WORK INSTRUCTION> Your task is to return all the entries below exactly, with every picture omitted.

DATA SECTION>
------------------------------------------------------------
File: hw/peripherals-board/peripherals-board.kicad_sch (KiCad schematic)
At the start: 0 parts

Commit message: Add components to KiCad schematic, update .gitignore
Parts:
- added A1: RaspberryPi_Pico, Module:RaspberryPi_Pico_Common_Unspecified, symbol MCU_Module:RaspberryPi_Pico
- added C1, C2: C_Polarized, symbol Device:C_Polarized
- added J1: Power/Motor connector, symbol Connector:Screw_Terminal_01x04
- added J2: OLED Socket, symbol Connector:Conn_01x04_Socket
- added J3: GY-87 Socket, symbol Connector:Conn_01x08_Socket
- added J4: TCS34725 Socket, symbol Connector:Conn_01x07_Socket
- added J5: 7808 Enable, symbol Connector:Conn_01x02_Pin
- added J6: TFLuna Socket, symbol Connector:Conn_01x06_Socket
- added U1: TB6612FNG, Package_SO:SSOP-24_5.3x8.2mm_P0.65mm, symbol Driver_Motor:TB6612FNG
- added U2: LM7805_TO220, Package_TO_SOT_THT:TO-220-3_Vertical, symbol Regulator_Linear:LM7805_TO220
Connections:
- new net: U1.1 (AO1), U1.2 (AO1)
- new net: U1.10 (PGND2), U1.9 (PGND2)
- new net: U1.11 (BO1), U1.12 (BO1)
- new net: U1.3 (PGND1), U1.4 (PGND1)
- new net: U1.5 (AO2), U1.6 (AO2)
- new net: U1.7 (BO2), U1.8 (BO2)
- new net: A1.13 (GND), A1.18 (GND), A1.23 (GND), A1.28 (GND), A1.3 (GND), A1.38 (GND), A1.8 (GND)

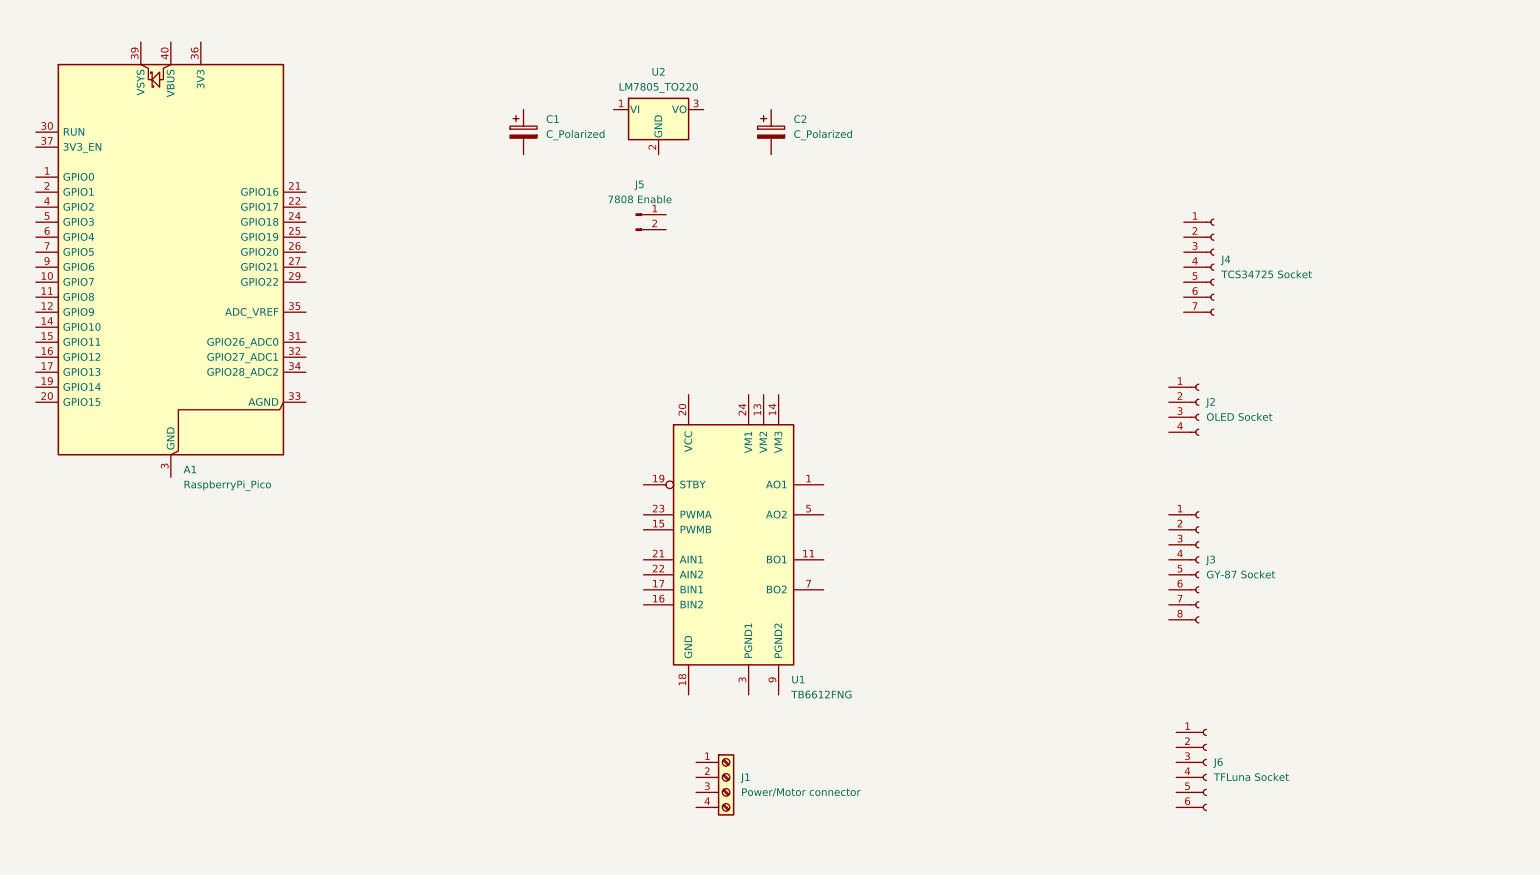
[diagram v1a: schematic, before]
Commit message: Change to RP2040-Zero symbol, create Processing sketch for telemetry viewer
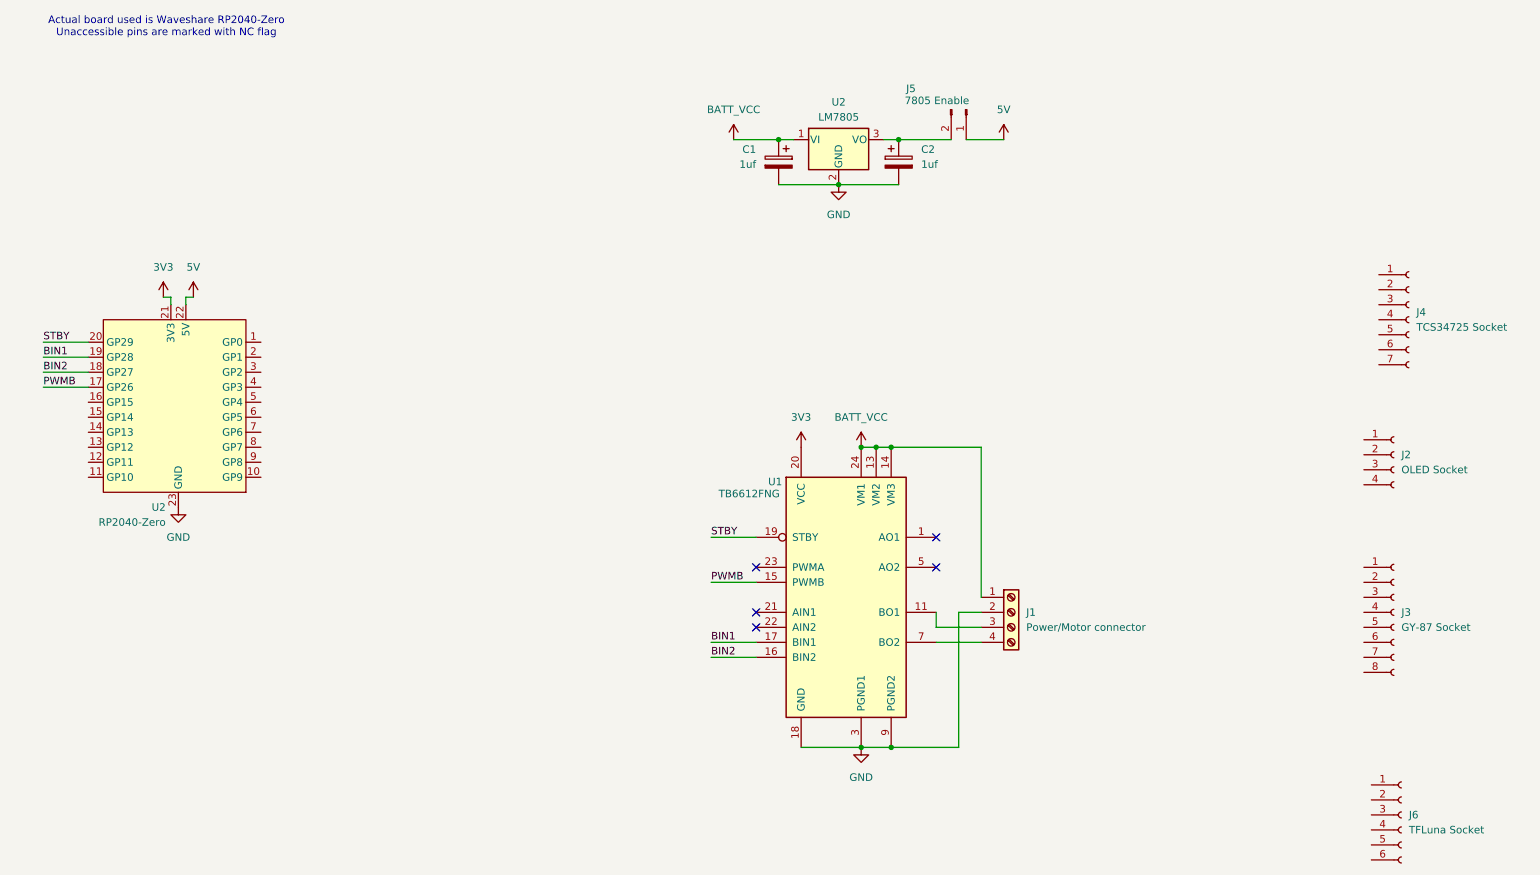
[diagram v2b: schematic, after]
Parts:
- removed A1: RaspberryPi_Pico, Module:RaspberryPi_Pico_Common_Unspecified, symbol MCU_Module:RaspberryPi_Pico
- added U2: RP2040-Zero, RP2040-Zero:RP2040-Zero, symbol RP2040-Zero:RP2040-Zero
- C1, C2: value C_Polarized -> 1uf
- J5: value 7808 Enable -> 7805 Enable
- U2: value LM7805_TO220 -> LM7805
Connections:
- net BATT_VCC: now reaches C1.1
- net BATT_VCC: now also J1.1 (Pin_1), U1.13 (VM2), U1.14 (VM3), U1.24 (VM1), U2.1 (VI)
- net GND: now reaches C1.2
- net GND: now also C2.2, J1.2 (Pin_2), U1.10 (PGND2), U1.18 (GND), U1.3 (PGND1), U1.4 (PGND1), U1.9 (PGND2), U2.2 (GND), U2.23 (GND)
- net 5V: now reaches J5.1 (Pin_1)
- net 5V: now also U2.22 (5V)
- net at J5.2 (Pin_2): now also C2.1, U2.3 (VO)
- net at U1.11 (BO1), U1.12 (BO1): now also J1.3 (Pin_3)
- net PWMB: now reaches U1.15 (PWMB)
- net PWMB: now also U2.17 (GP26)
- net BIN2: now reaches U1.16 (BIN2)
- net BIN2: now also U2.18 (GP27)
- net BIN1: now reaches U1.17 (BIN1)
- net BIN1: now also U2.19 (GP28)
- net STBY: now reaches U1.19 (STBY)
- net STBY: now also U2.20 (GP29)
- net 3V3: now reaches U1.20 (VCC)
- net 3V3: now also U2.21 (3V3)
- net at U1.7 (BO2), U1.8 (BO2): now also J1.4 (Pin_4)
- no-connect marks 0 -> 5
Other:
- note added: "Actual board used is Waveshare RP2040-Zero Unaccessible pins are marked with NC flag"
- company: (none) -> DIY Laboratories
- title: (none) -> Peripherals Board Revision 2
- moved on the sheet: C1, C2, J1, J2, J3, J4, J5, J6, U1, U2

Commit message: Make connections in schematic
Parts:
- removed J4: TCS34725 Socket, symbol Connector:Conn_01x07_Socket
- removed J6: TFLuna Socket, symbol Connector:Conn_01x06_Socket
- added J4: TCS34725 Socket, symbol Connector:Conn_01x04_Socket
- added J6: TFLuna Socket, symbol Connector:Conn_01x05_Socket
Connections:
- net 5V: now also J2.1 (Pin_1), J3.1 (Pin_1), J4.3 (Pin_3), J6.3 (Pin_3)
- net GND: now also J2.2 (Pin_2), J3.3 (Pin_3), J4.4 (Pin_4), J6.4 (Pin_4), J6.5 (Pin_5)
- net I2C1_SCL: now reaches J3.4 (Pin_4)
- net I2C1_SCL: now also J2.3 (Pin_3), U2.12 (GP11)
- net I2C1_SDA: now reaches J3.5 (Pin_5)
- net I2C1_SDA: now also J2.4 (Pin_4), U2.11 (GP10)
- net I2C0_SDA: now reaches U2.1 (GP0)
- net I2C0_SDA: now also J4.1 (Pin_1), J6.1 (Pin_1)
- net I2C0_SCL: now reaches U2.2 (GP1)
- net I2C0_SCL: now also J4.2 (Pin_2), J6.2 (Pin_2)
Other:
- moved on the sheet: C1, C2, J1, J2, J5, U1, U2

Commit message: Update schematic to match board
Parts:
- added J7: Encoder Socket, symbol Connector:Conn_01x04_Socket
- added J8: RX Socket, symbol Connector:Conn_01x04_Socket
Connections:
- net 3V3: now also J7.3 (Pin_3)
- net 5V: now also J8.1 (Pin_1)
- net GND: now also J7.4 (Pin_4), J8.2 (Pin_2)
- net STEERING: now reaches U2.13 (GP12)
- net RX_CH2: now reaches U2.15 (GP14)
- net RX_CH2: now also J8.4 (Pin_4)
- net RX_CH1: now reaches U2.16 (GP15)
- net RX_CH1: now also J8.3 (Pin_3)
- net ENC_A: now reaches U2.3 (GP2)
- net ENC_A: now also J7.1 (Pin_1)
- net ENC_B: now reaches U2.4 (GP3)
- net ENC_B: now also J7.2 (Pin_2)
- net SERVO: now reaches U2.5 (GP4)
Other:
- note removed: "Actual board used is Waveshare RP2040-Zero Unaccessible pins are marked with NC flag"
------------------------------------------------------------
ANSWER>
File: hw/peripherals-board/peripherals-board.kicad_sch (KiCad schematic)
At the start: 0 parts

Commit message: Add components to KiCad schematic, update .gitignore
Parts:
- added A1: RaspberryPi_Pico, Module:RaspberryPi_Pico_Common_Unspecified, symbol MCU_Module:RaspberryPi_Pico
- added C1, C2: C_Polarized, symbol Device:C_Polarized
- added J1: Power/Motor connector, symbol Connector:Screw_Terminal_01x04
- added J2: OLED Socket, symbol Connector:Conn_01x04_Socket
- added J3: GY-87 Socket, symbol Connector:Conn_01x08_Socket
- added J4: TCS34725 Socket, symbol Connector:Conn_01x07_Socket
- added J5: 7808 Enable, symbol Connector:Conn_01x02_Pin
- added J6: TFLuna Socket, symbol Connector:Conn_01x06_Socket
- added U1: TB6612FNG, Package_SO:SSOP-24_5.3x8.2mm_P0.65mm, symbol Driver_Motor:TB6612FNG
- added U2: LM7805_TO220, Package_TO_SOT_THT:TO-220-3_Vertical, symbol Regulator_Linear:LM7805_TO220
Connections:
- new net: U1.1 (AO1), U1.2 (AO1)
- new net: U1.10 (PGND2), U1.9 (PGND2)
- new net: U1.11 (BO1), U1.12 (BO1)
- new net: U1.3 (PGND1), U1.4 (PGND1)
- new net: U1.5 (AO2), U1.6 (AO2)
- new net: U1.7 (BO2), U1.8 (BO2)
- new net: A1.13 (GND), A1.18 (GND), A1.23 (GND), A1.28 (GND), A1.3 (GND), A1.38 (GND), A1.8 (GND)

[diagram v1a: schematic, before]
Commit message: Change to RP2040-Zero symbol, create Processing sketch for telemetry viewer
[diagram v2b: schematic, after]
Parts:
- removed A1: RaspberryPi_Pico, Module:RaspberryPi_Pico_Common_Unspecified, symbol MCU_Module:RaspberryPi_Pico
- added U2: RP2040-Zero, RP2040-Zero:RP2040-Zero, symbol RP2040-Zero:RP2040-Zero
- C1, C2: value C_Polarized -> 1uf
- J5: value 7808 Enable -> 7805 Enable
- U2: value LM7805_TO220 -> LM7805
Connections:
- net BATT_VCC: now reaches C1.1
- net BATT_VCC: now also J1.1 (Pin_1), U1.13 (VM2), U1.14 (VM3), U1.24 (VM1), U2.1 (VI)
- net GND: now reaches C1.2
- net GND: now also C2.2, J1.2 (Pin_2), U1.10 (PGND2), U1.18 (GND), U1.3 (PGND1), U1.4 (PGND1), U1.9 (PGND2), U2.2 (GND), U2.23 (GND)
- net 5V: now reaches J5.1 (Pin_1)
- net 5V: now also U2.22 (5V)
- net at J5.2 (Pin_2): now also C2.1, U2.3 (VO)
- net at U1.11 (BO1), U1.12 (BO1): now also J1.3 (Pin_3)
- net PWMB: now reaches U1.15 (PWMB)
- net PWMB: now also U2.17 (GP26)
- net BIN2: now reaches U1.16 (BIN2)
- net BIN2: now also U2.18 (GP27)
- net BIN1: now reaches U1.17 (BIN1)
- net BIN1: now also U2.19 (GP28)
- net STBY: now reaches U1.19 (STBY)
- net STBY: now also U2.20 (GP29)
- net 3V3: now reaches U1.20 (VCC)
- net 3V3: now also U2.21 (3V3)
- net at U1.7 (BO2), U1.8 (BO2): now also J1.4 (Pin_4)
- no-connect marks 0 -> 5
Other:
- note added: "Actual board used is Waveshare RP2040-Zero Unaccessible pins are marked with NC flag"
- company: (none) -> DIY Laboratories
- title: (none) -> Peripherals Board Revision 2
- moved on the sheet: C1, C2, J1, J2, J3, J4, J5, J6, U1, U2

Commit message: Make connections in schematic
Parts:
- removed J4: TCS34725 Socket, symbol Connector:Conn_01x07_Socket
- removed J6: TFLuna Socket, symbol Connector:Conn_01x06_Socket
- added J4: TCS34725 Socket, symbol Connector:Conn_01x04_Socket
- added J6: TFLuna Socket, symbol Connector:Conn_01x05_Socket
Connections:
- net 5V: now also J2.1 (Pin_1), J3.1 (Pin_1), J4.3 (Pin_3), J6.3 (Pin_3)
- net GND: now also J2.2 (Pin_2), J3.3 (Pin_3), J4.4 (Pin_4), J6.4 (Pin_4), J6.5 (Pin_5)
- net I2C1_SCL: now reaches J3.4 (Pin_4)
- net I2C1_SCL: now also J2.3 (Pin_3), U2.12 (GP11)
- net I2C1_SDA: now reaches J3.5 (Pin_5)
- net I2C1_SDA: now also J2.4 (Pin_4), U2.11 (GP10)
- net I2C0_SDA: now reaches U2.1 (GP0)
- net I2C0_SDA: now also J4.1 (Pin_1), J6.1 (Pin_1)
- net I2C0_SCL: now reaches U2.2 (GP1)
- net I2C0_SCL: now also J4.2 (Pin_2), J6.2 (Pin_2)
Other:
- moved on the sheet: C1, C2, J1, J2, J5, U1, U2

Commit message: Update schematic to match board
Parts:
- added J7: Encoder Socket, symbol Connector:Conn_01x04_Socket
- added J8: RX Socket, symbol Connector:Conn_01x04_Socket
Connections:
- net 3V3: now also J7.3 (Pin_3)
- net 5V: now also J8.1 (Pin_1)
- net GND: now also J7.4 (Pin_4), J8.2 (Pin_2)
- net STEERING: now reaches U2.13 (GP12)
- net RX_CH2: now reaches U2.15 (GP14)
- net RX_CH2: now also J8.4 (Pin_4)
- net RX_CH1: now reaches U2.16 (GP15)
- net RX_CH1: now also J8.3 (Pin_3)
- net ENC_A: now reaches U2.3 (GP2)
- net ENC_A: now also J7.1 (Pin_1)
- net ENC_B: now reaches U2.4 (GP3)
- net ENC_B: now also J7.2 (Pin_2)
- net SERVO: now reaches U2.5 (GP4)
Other:
- note removed: "Actual board used is Waveshare RP2040-Zero Unaccessible pins are marked with NC flag"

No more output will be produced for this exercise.